FOSS4G NA 2024

Geoscience at Massive Scale
09-11, 15:00–15:30 (America/Chicago), Grand B

XArray is the default choice for geoscience users in Python. The Dask Integration allows scaling out to datasets in the petabyte range. We will dive into common pitfalls and how Dask is addressing those to allow processing massive datasets.


When scaling geoscience workloads to large datasets, many scientists and developers reach for Dask, a library for distributed computing that plugs seamlessly into Xarray and offers an Array API that wraps NumPy. Featuring a distributed environment capable of running your workload on large clusters, Dask promises to make it easy to scale from prototyping on your laptop to analyzing petabyte-scale datasets.

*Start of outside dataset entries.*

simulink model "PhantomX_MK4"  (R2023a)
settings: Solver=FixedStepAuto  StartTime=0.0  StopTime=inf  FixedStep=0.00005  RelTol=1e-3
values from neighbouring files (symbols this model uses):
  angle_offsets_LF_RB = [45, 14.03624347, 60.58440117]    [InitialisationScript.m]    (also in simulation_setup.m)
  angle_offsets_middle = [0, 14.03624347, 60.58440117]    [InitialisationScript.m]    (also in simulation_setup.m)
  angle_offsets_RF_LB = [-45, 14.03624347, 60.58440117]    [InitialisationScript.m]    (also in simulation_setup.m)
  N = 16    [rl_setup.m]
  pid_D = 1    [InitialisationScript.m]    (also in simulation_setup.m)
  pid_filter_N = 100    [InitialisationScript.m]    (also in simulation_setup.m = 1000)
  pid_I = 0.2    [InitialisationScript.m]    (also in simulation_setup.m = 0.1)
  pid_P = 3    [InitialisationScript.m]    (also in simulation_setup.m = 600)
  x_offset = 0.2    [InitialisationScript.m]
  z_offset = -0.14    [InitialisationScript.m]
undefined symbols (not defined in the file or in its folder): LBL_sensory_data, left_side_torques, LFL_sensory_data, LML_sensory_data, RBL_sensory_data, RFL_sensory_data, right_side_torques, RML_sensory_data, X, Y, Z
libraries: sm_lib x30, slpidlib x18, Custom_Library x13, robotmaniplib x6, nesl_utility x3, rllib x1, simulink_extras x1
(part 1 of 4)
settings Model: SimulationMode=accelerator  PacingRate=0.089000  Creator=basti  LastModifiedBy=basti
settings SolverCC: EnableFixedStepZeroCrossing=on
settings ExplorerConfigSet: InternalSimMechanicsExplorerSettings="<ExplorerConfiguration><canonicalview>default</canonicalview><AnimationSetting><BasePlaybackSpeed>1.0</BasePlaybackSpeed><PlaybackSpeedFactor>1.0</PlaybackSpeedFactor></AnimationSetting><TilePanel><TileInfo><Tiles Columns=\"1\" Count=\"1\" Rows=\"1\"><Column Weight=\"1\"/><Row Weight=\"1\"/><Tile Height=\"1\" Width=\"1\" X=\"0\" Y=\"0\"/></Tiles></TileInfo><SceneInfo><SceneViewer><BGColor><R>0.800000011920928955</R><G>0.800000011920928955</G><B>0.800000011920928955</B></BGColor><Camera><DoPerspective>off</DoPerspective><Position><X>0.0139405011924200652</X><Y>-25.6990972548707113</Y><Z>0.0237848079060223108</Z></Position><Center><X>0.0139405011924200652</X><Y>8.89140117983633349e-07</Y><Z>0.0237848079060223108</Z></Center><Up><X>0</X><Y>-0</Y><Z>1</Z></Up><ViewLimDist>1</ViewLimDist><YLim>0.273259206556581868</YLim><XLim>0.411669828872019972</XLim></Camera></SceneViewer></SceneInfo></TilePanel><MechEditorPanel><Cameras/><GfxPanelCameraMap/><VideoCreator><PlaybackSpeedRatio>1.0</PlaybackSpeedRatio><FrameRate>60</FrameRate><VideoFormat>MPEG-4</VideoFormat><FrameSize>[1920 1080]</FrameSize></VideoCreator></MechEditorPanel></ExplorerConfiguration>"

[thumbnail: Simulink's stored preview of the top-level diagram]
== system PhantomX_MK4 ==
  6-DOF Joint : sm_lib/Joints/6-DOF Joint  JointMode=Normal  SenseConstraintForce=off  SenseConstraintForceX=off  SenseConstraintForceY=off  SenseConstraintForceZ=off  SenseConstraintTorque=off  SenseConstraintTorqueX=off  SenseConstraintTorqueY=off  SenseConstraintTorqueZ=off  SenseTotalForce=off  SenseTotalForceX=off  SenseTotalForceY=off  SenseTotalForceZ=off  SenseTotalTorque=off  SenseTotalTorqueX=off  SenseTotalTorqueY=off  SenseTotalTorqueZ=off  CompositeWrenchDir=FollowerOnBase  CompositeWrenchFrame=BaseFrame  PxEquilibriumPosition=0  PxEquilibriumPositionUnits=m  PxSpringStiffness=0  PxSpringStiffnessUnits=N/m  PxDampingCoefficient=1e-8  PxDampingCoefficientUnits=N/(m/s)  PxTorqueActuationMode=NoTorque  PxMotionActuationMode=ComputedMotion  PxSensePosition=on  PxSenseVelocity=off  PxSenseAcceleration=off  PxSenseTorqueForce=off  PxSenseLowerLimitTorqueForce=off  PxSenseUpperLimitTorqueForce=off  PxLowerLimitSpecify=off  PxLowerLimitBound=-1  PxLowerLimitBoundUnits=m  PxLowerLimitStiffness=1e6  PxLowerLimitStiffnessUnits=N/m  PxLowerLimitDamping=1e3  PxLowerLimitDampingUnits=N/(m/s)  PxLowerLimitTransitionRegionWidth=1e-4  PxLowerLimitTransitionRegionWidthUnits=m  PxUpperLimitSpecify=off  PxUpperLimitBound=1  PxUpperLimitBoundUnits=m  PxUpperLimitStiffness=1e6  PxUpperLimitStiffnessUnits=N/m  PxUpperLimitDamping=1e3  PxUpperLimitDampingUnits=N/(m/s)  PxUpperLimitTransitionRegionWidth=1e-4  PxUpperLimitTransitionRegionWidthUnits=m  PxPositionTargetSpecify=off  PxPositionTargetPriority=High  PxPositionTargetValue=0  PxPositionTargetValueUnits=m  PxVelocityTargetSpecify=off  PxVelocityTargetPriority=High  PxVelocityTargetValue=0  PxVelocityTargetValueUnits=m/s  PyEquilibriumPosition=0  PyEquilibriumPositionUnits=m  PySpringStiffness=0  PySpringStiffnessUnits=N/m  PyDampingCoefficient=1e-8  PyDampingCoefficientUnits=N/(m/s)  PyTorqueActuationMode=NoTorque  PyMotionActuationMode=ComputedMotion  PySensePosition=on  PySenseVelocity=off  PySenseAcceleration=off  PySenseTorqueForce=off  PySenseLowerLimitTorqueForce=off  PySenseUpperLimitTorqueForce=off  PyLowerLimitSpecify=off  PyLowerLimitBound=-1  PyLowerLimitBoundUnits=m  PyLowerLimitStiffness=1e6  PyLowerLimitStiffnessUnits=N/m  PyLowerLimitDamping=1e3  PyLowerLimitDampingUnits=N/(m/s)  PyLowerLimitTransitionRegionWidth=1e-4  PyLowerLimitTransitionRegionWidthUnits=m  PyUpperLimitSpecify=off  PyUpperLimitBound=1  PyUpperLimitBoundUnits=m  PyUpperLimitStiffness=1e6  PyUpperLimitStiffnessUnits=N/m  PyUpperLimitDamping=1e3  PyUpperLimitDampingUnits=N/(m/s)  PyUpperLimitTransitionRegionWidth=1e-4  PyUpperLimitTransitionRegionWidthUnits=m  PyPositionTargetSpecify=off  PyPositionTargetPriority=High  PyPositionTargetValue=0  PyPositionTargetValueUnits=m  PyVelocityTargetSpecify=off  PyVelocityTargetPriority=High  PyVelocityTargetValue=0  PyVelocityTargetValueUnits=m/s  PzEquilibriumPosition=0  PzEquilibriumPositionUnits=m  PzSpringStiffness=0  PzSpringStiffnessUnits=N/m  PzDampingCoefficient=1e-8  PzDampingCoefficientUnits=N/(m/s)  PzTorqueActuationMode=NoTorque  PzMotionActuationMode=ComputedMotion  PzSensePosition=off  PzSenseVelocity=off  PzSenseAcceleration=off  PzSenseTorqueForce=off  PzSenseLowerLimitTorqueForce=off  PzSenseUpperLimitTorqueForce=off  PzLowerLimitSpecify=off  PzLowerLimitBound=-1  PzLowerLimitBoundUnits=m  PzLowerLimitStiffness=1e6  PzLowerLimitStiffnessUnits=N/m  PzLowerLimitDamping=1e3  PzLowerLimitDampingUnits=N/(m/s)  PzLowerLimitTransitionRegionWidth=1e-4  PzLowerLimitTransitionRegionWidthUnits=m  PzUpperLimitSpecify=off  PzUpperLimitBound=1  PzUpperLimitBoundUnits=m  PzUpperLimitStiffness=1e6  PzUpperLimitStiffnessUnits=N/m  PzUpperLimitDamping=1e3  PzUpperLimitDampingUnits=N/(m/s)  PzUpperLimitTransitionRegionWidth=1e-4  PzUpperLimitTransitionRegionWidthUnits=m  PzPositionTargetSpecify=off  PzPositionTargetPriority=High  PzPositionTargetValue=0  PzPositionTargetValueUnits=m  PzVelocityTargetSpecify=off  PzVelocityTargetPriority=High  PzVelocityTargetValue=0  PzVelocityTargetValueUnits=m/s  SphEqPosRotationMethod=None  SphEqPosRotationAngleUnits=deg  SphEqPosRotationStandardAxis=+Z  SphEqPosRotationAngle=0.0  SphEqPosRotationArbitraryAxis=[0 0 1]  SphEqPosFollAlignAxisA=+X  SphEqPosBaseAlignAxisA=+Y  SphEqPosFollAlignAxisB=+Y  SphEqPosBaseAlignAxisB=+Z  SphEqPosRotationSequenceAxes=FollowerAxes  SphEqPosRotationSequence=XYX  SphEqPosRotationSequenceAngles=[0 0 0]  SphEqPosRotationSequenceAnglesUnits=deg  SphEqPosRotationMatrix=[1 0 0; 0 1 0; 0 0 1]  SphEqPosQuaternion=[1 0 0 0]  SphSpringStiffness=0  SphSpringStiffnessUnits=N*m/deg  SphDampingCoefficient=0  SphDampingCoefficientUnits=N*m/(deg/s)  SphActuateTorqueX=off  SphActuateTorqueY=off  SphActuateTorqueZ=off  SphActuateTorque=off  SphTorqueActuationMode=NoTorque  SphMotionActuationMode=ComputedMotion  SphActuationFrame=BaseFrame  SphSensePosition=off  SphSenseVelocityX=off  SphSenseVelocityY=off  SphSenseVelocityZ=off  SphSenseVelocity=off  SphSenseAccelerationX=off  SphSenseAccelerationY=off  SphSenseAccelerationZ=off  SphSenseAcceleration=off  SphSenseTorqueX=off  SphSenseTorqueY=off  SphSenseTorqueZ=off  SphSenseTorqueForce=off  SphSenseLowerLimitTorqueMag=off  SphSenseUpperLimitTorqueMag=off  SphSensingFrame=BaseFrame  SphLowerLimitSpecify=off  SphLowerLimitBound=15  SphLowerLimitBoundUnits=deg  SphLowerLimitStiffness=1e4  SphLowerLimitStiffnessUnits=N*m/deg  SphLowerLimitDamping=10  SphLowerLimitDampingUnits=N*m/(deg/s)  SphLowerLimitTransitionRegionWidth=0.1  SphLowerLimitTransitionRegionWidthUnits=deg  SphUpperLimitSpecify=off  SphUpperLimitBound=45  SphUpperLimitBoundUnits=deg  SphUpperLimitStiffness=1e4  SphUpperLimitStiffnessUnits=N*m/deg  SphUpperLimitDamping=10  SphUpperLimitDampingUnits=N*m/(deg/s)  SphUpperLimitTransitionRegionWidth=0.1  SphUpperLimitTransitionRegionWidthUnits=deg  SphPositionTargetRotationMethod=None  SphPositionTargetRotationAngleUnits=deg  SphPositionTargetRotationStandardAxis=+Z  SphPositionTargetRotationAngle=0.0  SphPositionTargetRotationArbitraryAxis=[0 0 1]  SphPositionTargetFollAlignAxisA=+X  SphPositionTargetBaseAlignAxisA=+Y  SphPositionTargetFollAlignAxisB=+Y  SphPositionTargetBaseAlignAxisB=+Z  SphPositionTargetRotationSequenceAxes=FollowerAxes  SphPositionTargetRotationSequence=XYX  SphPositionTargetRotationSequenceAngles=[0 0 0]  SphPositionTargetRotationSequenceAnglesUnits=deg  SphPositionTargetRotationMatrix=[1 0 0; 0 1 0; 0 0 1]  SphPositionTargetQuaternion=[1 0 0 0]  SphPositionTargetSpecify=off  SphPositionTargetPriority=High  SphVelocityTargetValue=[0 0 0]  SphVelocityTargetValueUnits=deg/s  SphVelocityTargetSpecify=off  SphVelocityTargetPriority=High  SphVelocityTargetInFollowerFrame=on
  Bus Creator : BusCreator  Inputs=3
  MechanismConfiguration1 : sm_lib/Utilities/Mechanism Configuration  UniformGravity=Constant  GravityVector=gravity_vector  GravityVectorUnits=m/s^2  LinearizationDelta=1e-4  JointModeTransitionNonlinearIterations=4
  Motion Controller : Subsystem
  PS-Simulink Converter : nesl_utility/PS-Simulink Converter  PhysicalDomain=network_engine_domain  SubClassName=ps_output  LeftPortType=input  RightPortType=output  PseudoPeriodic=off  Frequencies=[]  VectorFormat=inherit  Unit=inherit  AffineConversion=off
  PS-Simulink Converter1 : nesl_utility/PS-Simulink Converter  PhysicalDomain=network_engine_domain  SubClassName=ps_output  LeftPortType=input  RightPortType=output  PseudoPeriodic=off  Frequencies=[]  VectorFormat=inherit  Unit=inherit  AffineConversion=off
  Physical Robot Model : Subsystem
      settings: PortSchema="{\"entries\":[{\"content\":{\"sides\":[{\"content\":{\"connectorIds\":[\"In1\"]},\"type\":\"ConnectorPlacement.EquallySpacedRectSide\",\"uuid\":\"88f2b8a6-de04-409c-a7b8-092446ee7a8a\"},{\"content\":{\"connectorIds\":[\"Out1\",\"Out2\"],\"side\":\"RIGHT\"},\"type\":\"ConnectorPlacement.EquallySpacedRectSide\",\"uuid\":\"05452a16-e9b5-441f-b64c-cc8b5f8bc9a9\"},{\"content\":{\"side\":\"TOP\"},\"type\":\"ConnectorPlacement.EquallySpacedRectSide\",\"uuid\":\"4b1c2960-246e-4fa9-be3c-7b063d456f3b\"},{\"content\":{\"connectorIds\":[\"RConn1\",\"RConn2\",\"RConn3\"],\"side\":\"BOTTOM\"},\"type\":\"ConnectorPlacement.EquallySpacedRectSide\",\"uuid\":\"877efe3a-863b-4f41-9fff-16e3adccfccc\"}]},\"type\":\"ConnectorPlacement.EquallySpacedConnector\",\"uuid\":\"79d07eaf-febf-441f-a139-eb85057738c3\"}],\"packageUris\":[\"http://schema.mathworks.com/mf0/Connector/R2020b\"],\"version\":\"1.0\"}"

Dask has been the de-facto standard for scaling geoscience, but it hasn’t entirely lived up to its promise of operating effortlessly at massive scale. This comes up in a few ways:

  • Correctly chunking your dataset has a significant impact on Dask’s ability to scale
  • Workers accidentally run out of memory due to:
  • Data being loaded too eagerly
  • Rechunking
  • Unmanaged memory

Over the last few months, Dask has addressed many of those pains and continues to do so through:
- Improvements to its scheduling algorithms
- A faster and more memory-stable method for rechunking
- First-of-its-kind logical optimization layer for a distributed array framework (ongoing)

Join us as we dive into real-world geoscience workloads, exploring how Dask empowers scientists and developers to run their analyses at massive scale. Discover the impact of improvements made to Dask, ongoing challenges, and future plans for making it truly effortless to scale from your laptop to the cloud.